The results seem to make sense for the most part. Simmons and Tulowitzki have reputations as being strong defenders and Derek Jeter has a reputation as a poor defender.

Further, I can validate this data by comparing it to other defensive metrics. One that is readily available on Fangraphs is UZR per 150 games. For each position, I took the correlation of my estimated effect with UZR per 150 games, weighted by the number of innings played. Pitchers and catchers do not have UZR’s so I cannot compare them. The correlations, which are in the plot below, range from about 0.2 to 0.65.

### Interpreting parameters

In order to make this fielding metric more useful, I would like to convert the parameters to something more interpretable. One option which makes a lot of sense is “plays made above/below average”. Given an estimated $\theta_i$ for a player, we can calculate the probability that he would make a play in each of the five categories. We can then compare those probabilities to the probability an average player would make a play in each of the categories, which would be fit with $\theta=0$. Finally, we can weight these differences in probabilities by the relative rate that plays of various difficulties occur.

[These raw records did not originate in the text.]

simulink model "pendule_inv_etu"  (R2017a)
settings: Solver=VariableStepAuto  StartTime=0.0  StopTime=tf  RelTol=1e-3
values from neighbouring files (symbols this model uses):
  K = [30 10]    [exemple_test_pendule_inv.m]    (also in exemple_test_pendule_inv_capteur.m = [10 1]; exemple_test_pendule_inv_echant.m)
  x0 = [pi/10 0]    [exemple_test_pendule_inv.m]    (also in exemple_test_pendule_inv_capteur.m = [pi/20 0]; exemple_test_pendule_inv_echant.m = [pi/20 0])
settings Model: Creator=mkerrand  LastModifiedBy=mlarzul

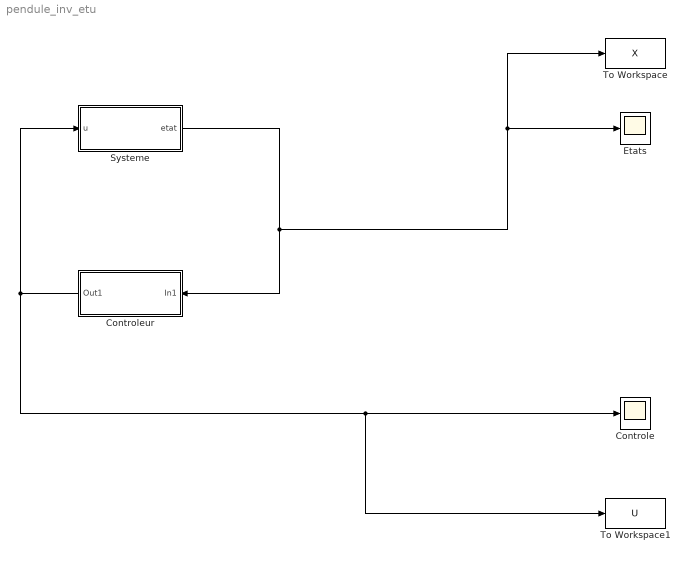
== system pendule_inv_etu ==
  Controle : Scope
  Controleur : Subsystem
  Etats : Scope
  Systeme : Subsystem
  To Workspace : ToWorkspace  VariableName=X  SaveFormat=Timeseries  SampleTime=-1
  To Workspace1 : ToWorkspace  VariableName=U  SaveFormat=Timeseries  SampleTime=-1
  wires:
  Controleur/1(Out1) -> To Workspace1/1, Controle/1, Systeme/1(u)
  Systeme/1("etat ") -> To Workspace/1, Etats/1, Controleur/1(In1)

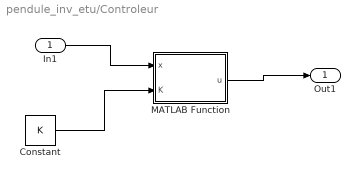
== system pendule_inv_etu/Controleur ==
  In1 : Inport
  Constant : Constant  Value=K
  MATLAB Function : MATLAB Function  TreatAsAtomicUnit=on
  Out1 : Outport
  wires:
  MATLAB Function/1(u) -> Out1/1
  In1/1 -> MATLAB Function/1(x)
  Constant/1 -> MATLAB Function/2(K)

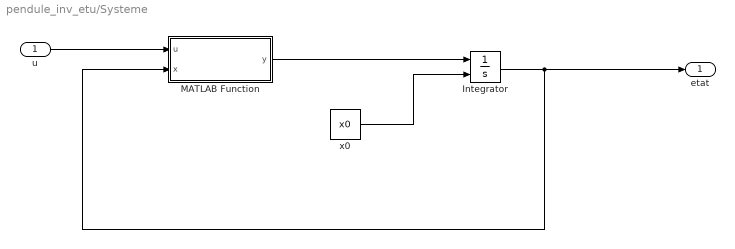
== system pendule_inv_etu/Systeme ==
  u : Inport
  Integrator : Integrator  InitialConditionSource=external
  MATLAB Function : MATLAB Function  TreatAsAtomicUnit=on
  x0 : Constant  Value=x0
  "etat " : Outport
  wires:
  u/1 -> MATLAB Function/1(u)
  MATLAB Function/1(y) -> Integrator/1
  Integrator/1 -> "etat "/1, MATLAB Function/2(x)
  x0/1 -> Integrator/2

== matlab function pendule_inv_etu/Systeme/MATLAB Function ==
  data: u input; y output; x input
function y = fcn(u,x)
    g=9.81;
    l=10;
        
    y1 = x(2);
    y2 = g/l*sin(x(1)) - (cos(x(1))*u)/l;
    y=[y1 y2]';

== matlab function pendule_inv_etu/Controleur/MATLAB Function ==
  data: x input; u output; K input
function u = fcn(x,K)
    
    xe = [0 0];
    ue = 0;
    
    u = ue + K'*(x-xe') ;

For example, assuming there are only two categories again, suppose a player has a 0.10 and 0.05 higher probability than average of making hard and easy plays, respectively. Further assume that 75% of all plays are hard and 25% are easy. On a random play, the improvement in probability over an average player of making a play is $.10(.75)+.05(.25)=0.0875$. If a player has an opportunity for 300 plays in an average season, this player would be $300 \times 0.0875=26.25$ plays better than average over a typical season.

I will assume that the number of opportunities to make plays is directly related to the number of innings played. To convert innings to opportunities, I took the median number of opportunities per inning for each position. For example, shortstops had the highest opportunities per inning at 0.40 and catchers had the lowest at 0.08. The plot below shows the distribution of opportunities per inning for each position.

We can extend this to the impact on saving runs from being scored as well by assuming each successful play saves $x$ runs. I will not do this for this analysis.

### Results

Finally, I put together a Shiny app to display the results. You can search by team, position, and innings played. A team of ‘- - -‘ means the player played for multiple teams over this period. You can also choose to display the results as a rate statistic (extra plays made per season) or a count statistic (extra plays made over the two seasons). To get a seasonal number, I assume position players played 150 games with 8.5 innings in each game. For pitchers, I assumed that they pitched 30 games, 6 innings each.

### Conclusions and future work

I don’t know if I will do anything more with this data, but if I could do it again, I may have modeled each year separately instead of combining the two years together. With that, it would have been interesting to model the effect of age by observing how a player’s ability to make a play changes from one year to the next. I also think it would be interesting to see how changing positions affects a players efficiency. For example, we could have a $9 \times 9$ matrix of fixed effects that represent the improvement or degradation in ability as a player switches from their main position to another one. Further assumptions would be needed to make sure the $\theta$’s are on the same scale for every position.

At the very least, this model and its results can be considered another data point in the analysis of a player’s fielding ability. One thing we need to be concerned about is the classification of each play into the difficultness categories. The human eye can be fooled into thinking a routine play is hard just because a fielder dove to make the play, when a superior fielder could have made it look easier.

### Code

I have put the R code together to do this analysis in a gist. If there is interest, I will put together a repo with all the data as well.